What needs to be done:
Extract precisely the lines of the entries below, from the first line through the line containing "import ezdxf".
Exercise inputs: Begin
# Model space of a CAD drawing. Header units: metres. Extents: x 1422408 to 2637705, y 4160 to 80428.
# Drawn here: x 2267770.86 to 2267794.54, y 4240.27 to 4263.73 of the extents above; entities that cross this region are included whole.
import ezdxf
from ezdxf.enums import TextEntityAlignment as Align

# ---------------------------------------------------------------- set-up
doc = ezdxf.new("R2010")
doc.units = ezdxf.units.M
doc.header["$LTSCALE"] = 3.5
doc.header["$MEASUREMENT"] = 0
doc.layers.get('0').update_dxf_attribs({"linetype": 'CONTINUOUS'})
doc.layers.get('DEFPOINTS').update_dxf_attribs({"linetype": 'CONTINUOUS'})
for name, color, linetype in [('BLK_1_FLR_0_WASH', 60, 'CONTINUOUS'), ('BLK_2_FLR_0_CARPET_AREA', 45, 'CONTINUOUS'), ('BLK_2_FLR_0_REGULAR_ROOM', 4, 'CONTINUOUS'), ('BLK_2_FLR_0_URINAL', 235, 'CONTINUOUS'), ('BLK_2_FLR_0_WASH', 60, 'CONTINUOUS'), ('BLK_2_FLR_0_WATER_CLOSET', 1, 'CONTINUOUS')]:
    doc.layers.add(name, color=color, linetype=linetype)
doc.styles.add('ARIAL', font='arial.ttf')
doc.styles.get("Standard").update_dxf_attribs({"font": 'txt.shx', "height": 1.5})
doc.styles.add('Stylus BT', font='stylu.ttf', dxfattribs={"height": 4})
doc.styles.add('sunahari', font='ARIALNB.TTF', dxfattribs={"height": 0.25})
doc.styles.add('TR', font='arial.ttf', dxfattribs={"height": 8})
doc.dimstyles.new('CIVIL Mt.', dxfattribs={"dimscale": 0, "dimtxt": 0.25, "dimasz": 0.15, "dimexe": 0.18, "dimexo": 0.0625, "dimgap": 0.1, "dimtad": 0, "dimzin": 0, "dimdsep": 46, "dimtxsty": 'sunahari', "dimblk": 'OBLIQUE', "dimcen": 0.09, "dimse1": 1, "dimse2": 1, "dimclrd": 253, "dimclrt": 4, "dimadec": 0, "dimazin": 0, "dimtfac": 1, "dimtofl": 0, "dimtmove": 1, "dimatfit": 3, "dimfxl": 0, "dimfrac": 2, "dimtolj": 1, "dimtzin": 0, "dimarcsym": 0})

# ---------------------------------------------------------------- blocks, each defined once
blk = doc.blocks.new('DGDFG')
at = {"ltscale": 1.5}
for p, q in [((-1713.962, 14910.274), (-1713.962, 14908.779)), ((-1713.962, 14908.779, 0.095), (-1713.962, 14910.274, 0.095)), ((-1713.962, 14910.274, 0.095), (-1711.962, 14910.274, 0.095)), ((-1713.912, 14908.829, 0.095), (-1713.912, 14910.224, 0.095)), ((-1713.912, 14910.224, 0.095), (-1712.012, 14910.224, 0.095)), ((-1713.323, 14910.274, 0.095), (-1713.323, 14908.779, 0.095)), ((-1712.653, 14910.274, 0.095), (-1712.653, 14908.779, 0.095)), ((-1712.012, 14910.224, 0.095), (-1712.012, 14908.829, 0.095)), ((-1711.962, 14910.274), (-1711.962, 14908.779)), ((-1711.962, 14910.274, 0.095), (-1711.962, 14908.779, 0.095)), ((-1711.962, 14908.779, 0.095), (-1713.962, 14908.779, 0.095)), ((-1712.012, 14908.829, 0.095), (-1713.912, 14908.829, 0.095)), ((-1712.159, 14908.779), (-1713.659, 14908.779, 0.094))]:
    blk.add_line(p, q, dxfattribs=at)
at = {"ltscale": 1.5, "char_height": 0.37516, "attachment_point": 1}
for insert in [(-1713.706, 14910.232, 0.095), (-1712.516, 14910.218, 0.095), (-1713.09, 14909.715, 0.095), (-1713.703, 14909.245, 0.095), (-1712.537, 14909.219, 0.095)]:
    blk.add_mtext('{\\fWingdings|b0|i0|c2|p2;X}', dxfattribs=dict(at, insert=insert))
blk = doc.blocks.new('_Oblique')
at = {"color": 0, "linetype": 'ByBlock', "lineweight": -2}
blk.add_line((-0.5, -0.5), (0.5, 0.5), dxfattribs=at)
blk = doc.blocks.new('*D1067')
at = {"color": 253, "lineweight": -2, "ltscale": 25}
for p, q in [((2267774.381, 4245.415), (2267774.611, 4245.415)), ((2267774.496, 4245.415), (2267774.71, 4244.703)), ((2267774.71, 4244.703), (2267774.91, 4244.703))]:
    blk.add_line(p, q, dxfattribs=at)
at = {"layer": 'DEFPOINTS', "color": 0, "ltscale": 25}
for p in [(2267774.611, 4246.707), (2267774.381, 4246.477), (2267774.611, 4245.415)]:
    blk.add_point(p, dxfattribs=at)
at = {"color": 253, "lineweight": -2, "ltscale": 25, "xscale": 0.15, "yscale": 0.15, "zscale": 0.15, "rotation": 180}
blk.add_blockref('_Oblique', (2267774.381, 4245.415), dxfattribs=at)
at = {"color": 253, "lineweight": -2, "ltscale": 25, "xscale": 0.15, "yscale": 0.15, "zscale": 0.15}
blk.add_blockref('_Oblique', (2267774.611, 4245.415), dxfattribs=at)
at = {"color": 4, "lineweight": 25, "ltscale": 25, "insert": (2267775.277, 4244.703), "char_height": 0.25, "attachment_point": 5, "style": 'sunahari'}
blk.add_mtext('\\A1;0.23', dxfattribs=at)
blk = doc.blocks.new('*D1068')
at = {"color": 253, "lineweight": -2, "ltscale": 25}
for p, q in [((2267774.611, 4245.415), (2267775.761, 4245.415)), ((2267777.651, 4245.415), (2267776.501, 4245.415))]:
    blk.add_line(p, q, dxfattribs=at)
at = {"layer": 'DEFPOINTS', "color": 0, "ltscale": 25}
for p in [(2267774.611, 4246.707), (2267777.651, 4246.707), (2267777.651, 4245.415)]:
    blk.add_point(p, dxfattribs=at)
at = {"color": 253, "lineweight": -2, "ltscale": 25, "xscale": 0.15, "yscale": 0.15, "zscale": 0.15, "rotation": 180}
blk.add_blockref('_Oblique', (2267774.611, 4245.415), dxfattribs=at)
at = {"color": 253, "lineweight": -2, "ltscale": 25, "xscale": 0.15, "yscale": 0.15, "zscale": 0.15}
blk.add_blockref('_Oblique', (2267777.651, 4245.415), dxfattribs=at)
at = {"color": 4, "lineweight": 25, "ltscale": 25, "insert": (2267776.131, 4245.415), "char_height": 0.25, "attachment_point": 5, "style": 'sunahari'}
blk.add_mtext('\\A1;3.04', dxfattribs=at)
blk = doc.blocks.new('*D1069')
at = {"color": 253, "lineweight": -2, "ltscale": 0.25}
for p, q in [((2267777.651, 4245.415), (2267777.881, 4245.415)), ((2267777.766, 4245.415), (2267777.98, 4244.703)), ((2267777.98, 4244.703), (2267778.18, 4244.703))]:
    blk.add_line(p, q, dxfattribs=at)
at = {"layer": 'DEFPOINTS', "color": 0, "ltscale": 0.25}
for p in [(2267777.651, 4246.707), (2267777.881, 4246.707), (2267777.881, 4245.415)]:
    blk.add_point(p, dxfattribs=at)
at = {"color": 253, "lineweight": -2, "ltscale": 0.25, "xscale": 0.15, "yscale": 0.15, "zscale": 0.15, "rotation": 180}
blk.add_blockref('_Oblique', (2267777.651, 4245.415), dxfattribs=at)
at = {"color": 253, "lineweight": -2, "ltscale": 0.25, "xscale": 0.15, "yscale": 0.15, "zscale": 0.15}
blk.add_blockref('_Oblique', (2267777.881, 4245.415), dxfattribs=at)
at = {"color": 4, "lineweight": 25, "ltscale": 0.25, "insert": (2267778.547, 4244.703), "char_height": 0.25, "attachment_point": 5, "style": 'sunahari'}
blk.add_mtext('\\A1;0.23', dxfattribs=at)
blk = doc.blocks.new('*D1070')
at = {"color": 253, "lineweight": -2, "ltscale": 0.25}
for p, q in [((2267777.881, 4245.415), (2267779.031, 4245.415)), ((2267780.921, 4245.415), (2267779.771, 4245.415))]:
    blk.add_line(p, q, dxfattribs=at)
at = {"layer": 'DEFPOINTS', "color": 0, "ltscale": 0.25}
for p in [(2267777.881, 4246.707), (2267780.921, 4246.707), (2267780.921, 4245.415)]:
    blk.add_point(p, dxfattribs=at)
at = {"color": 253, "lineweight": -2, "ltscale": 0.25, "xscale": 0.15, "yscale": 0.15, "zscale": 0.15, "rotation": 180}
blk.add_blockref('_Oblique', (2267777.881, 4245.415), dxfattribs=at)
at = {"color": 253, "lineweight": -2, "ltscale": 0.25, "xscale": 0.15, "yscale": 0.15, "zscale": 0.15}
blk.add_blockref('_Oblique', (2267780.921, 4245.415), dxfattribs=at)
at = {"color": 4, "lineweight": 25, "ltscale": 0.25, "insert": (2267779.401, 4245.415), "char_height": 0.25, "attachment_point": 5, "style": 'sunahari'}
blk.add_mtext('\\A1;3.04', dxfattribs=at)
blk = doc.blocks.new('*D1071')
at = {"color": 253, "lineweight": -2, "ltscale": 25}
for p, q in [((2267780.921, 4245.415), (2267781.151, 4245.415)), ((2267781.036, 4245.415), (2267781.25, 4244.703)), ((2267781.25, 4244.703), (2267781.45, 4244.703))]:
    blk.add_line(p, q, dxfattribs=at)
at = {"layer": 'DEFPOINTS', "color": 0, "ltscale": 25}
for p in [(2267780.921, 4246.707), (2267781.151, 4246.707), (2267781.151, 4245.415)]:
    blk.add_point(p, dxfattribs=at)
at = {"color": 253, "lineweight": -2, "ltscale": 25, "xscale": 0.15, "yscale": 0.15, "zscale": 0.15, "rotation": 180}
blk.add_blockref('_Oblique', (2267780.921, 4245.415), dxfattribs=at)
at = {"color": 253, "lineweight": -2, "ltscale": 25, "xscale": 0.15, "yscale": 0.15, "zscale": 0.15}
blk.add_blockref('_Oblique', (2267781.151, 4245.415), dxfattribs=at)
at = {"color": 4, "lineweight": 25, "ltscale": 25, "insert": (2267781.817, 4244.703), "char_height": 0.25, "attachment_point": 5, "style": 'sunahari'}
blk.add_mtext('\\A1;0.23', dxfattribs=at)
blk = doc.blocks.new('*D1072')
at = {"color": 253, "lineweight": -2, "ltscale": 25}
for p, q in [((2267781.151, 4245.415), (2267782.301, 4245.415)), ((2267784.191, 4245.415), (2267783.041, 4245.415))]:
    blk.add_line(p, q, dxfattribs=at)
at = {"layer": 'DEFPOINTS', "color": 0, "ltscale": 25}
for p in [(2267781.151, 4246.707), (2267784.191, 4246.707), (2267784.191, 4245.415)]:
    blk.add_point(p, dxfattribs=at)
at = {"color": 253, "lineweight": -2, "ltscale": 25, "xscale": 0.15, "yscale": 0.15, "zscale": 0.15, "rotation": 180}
Exercise inputs: End
Result of this exercise:
# Model space of a CAD drawing. Header units: metres. Extents: x 1422408 to 2637705, y 4160 to 80428.
# Drawn here: x 2267770.86 to 2267794.54, y 4240.27 to 4263.73 of the extents above; entities that cross this region are included whole.
import ezdxf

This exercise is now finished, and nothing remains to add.